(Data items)
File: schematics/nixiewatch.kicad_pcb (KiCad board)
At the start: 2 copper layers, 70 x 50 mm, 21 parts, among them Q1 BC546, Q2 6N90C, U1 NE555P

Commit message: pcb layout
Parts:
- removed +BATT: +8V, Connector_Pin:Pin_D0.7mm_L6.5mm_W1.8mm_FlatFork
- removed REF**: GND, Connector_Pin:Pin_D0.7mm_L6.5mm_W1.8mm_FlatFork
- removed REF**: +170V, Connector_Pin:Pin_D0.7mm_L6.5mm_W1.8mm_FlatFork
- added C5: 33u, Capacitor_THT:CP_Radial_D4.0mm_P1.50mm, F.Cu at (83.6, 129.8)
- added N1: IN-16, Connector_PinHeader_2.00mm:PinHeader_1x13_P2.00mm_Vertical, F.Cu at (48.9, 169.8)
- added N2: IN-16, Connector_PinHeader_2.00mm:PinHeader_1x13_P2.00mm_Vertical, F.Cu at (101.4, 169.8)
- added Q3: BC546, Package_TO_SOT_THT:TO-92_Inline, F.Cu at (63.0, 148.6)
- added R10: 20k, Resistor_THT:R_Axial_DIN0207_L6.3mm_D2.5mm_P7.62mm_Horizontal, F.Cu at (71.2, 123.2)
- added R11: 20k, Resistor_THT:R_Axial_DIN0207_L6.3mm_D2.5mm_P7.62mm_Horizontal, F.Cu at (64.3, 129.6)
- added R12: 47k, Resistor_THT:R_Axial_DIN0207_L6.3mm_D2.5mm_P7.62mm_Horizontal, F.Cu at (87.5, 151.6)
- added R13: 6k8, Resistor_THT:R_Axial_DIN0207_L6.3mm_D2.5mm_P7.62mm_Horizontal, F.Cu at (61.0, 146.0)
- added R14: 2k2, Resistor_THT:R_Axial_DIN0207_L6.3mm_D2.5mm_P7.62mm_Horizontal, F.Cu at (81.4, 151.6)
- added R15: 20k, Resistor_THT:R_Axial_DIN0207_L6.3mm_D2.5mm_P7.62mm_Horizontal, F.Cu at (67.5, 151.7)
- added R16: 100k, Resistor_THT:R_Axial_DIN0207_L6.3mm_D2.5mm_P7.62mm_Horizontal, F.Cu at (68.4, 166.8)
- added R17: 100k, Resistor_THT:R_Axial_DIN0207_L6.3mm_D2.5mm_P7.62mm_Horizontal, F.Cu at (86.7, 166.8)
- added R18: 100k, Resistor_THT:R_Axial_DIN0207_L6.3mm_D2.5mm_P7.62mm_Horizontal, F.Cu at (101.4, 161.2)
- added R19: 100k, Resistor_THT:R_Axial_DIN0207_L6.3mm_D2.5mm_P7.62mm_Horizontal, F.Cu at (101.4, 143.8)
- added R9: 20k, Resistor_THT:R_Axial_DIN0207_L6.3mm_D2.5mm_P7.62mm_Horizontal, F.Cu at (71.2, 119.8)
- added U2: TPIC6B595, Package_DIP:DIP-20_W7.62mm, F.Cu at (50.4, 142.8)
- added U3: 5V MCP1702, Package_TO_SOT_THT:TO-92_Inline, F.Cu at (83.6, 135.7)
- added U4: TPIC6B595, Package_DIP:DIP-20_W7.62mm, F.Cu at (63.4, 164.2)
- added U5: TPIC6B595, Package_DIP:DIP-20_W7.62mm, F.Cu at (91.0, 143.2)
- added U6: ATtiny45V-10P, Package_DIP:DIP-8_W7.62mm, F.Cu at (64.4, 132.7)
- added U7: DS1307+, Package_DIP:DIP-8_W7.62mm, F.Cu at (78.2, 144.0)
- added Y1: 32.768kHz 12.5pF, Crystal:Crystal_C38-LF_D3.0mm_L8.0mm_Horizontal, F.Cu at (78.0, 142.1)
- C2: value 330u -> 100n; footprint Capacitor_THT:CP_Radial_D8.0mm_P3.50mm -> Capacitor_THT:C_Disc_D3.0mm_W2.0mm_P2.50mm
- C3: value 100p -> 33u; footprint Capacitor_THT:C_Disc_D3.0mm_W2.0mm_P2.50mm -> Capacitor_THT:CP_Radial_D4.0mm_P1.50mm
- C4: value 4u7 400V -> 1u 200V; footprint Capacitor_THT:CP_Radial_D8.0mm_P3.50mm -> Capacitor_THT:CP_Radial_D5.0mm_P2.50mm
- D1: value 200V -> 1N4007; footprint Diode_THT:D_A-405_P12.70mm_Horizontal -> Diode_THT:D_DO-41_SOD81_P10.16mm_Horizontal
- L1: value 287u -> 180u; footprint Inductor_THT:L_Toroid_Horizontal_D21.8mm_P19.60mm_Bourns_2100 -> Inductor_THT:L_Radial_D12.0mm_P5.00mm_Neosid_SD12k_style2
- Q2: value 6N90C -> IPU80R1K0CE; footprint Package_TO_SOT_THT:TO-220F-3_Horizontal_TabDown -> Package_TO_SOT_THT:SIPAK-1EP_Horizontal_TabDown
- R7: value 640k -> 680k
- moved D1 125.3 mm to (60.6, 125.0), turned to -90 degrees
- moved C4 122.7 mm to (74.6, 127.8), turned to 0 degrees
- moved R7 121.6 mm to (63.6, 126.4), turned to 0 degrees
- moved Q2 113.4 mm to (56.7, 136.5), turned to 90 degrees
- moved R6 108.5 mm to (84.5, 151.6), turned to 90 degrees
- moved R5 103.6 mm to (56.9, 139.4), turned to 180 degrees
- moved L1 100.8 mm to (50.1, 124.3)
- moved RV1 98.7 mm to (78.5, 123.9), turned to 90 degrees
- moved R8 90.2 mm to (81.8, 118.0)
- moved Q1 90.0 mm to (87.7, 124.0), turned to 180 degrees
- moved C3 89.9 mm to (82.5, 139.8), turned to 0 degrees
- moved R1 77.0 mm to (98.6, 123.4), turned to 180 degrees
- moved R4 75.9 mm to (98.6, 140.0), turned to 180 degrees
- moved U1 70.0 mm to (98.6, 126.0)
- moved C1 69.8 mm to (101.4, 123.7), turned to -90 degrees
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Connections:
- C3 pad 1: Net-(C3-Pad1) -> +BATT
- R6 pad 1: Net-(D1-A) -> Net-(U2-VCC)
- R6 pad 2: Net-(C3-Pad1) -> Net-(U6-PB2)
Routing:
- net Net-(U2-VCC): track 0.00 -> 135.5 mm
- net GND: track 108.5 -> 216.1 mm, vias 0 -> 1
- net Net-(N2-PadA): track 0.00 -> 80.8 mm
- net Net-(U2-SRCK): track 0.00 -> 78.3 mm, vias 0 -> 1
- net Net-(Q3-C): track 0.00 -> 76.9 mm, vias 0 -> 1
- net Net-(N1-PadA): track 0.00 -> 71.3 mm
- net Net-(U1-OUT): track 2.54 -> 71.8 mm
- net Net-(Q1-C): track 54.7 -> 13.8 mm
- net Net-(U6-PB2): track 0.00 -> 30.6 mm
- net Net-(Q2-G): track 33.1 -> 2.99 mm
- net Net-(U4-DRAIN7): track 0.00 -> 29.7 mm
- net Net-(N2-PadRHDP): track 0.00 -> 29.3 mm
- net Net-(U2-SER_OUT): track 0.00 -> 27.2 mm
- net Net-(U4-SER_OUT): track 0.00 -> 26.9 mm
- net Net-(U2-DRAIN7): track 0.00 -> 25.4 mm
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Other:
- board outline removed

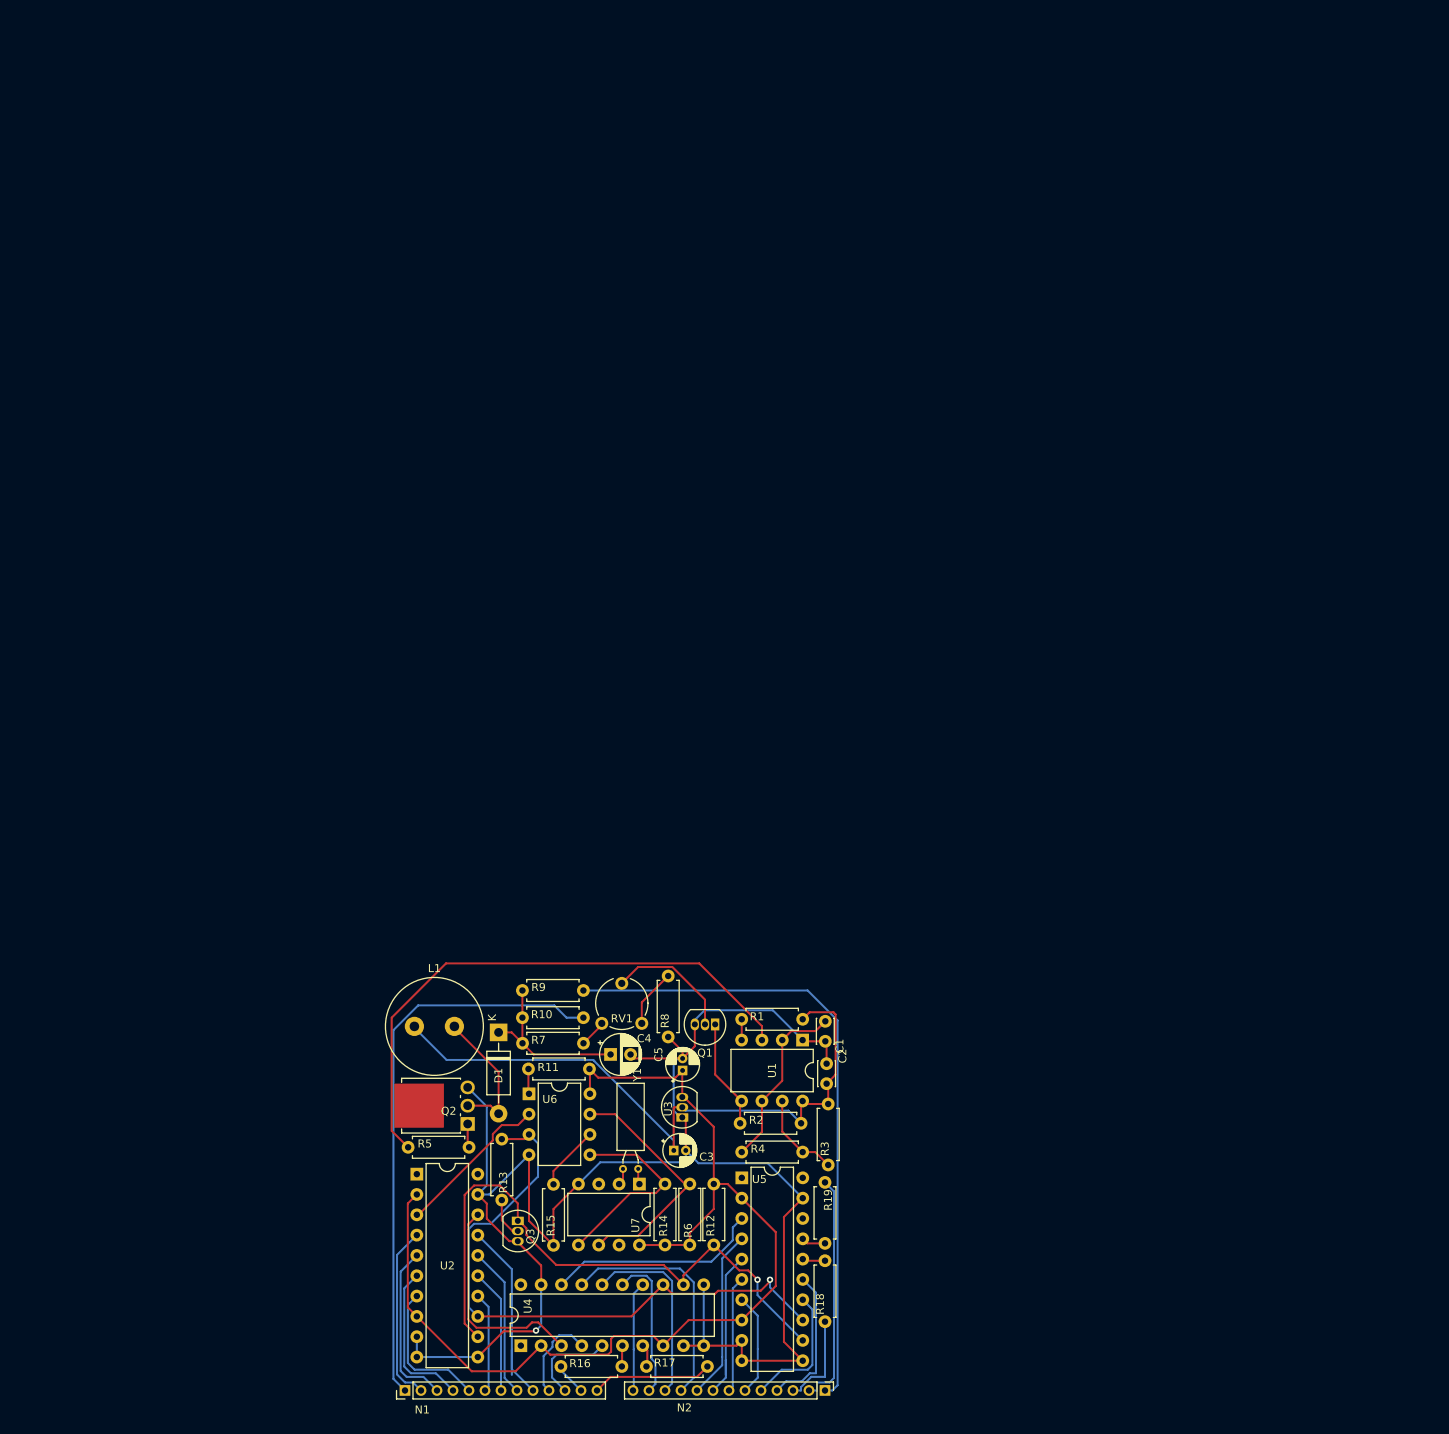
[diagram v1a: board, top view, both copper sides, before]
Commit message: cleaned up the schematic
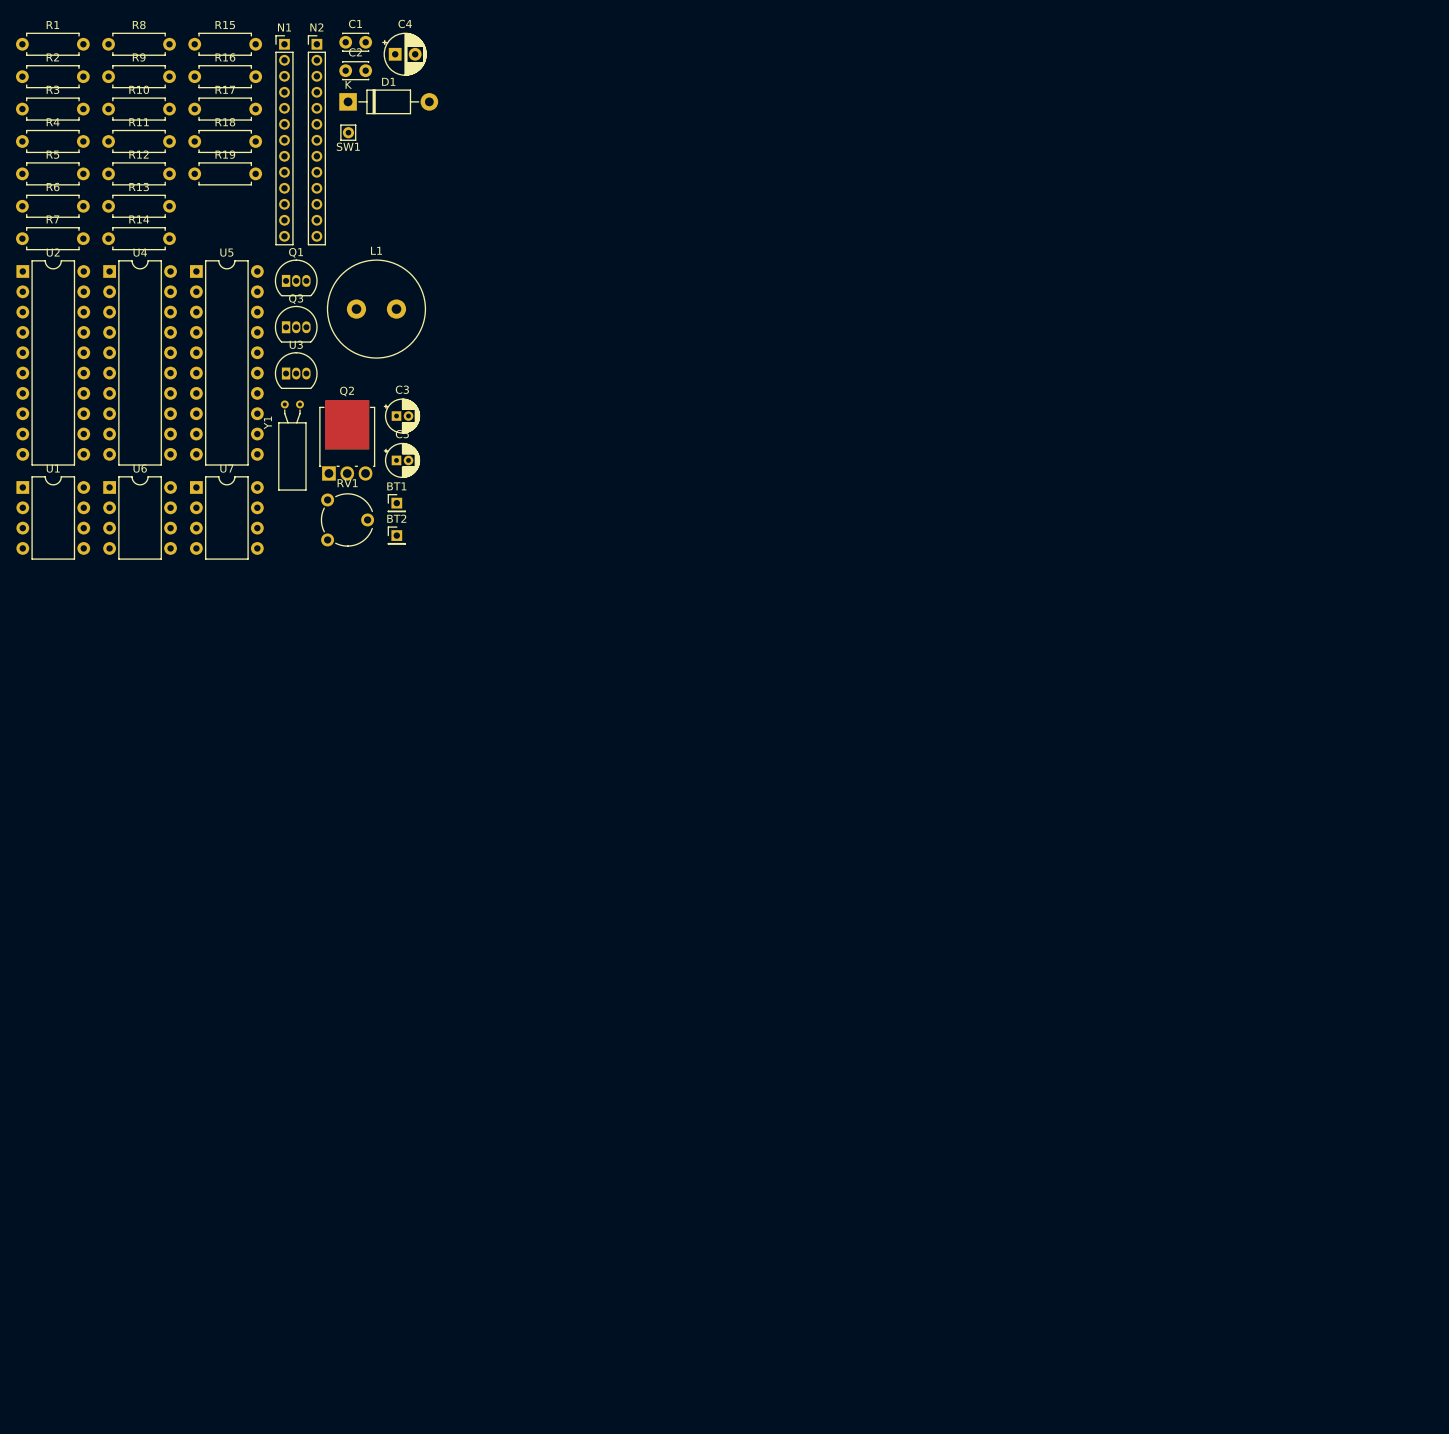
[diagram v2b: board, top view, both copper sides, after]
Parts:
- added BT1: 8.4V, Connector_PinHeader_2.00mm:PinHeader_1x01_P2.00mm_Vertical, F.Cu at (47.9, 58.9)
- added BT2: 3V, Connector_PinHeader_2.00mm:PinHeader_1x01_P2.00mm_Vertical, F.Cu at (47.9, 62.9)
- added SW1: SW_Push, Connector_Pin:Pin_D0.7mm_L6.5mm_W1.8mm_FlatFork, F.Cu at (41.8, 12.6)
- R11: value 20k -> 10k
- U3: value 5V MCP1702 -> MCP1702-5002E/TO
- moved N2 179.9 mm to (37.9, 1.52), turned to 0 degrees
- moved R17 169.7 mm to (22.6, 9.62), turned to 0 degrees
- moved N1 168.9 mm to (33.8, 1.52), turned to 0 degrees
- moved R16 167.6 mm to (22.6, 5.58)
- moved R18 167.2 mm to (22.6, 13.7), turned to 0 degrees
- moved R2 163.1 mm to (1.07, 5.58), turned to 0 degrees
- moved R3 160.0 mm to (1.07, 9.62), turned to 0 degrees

What is being asked :: In the entries above, find the line with "- L1: value" and the line with "- moved RV1", then restate word for word both of them and every line between, with nothing more.

Task response ::
- L1: value 287u -> 180u; footprint Inductor_THT:L_Toroid_Horizontal_D21.8mm_P19.60mm_Bourns_2100 -> Inductor_THT:L_Radial_D12.0mm_P5.00mm_Neosid_SD12k_style2
- Q2: value 6N90C -> IPU80R1K0CE; footprint Package_TO_SOT_THT:TO-220F-3_Horizontal_TabDown -> Package_TO_SOT_THT:SIPAK-1EP_Horizontal_TabDown
- R7: value 640k -> 680k
- moved D1 125.3 mm to (60.6, 125.0), turned to -90 degrees
- moved C4 122.7 mm to (74.6, 127.8), turned to 0 degrees
- moved R7 121.6 mm to (63.6, 126.4), turned to 0 degrees
- moved Q2 113.4 mm to (56.7, 136.5), turned to 90 degrees
- moved R6 108.5 mm to (84.5, 151.6), turned to 90 degrees
- moved R5 103.6 mm to (56.9, 139.4), turned to 180 degrees
- moved L1 100.8 mm to (50.1, 124.3)
- moved RV1 98.7 mm to (78.5, 123.9), turned to 90 degrees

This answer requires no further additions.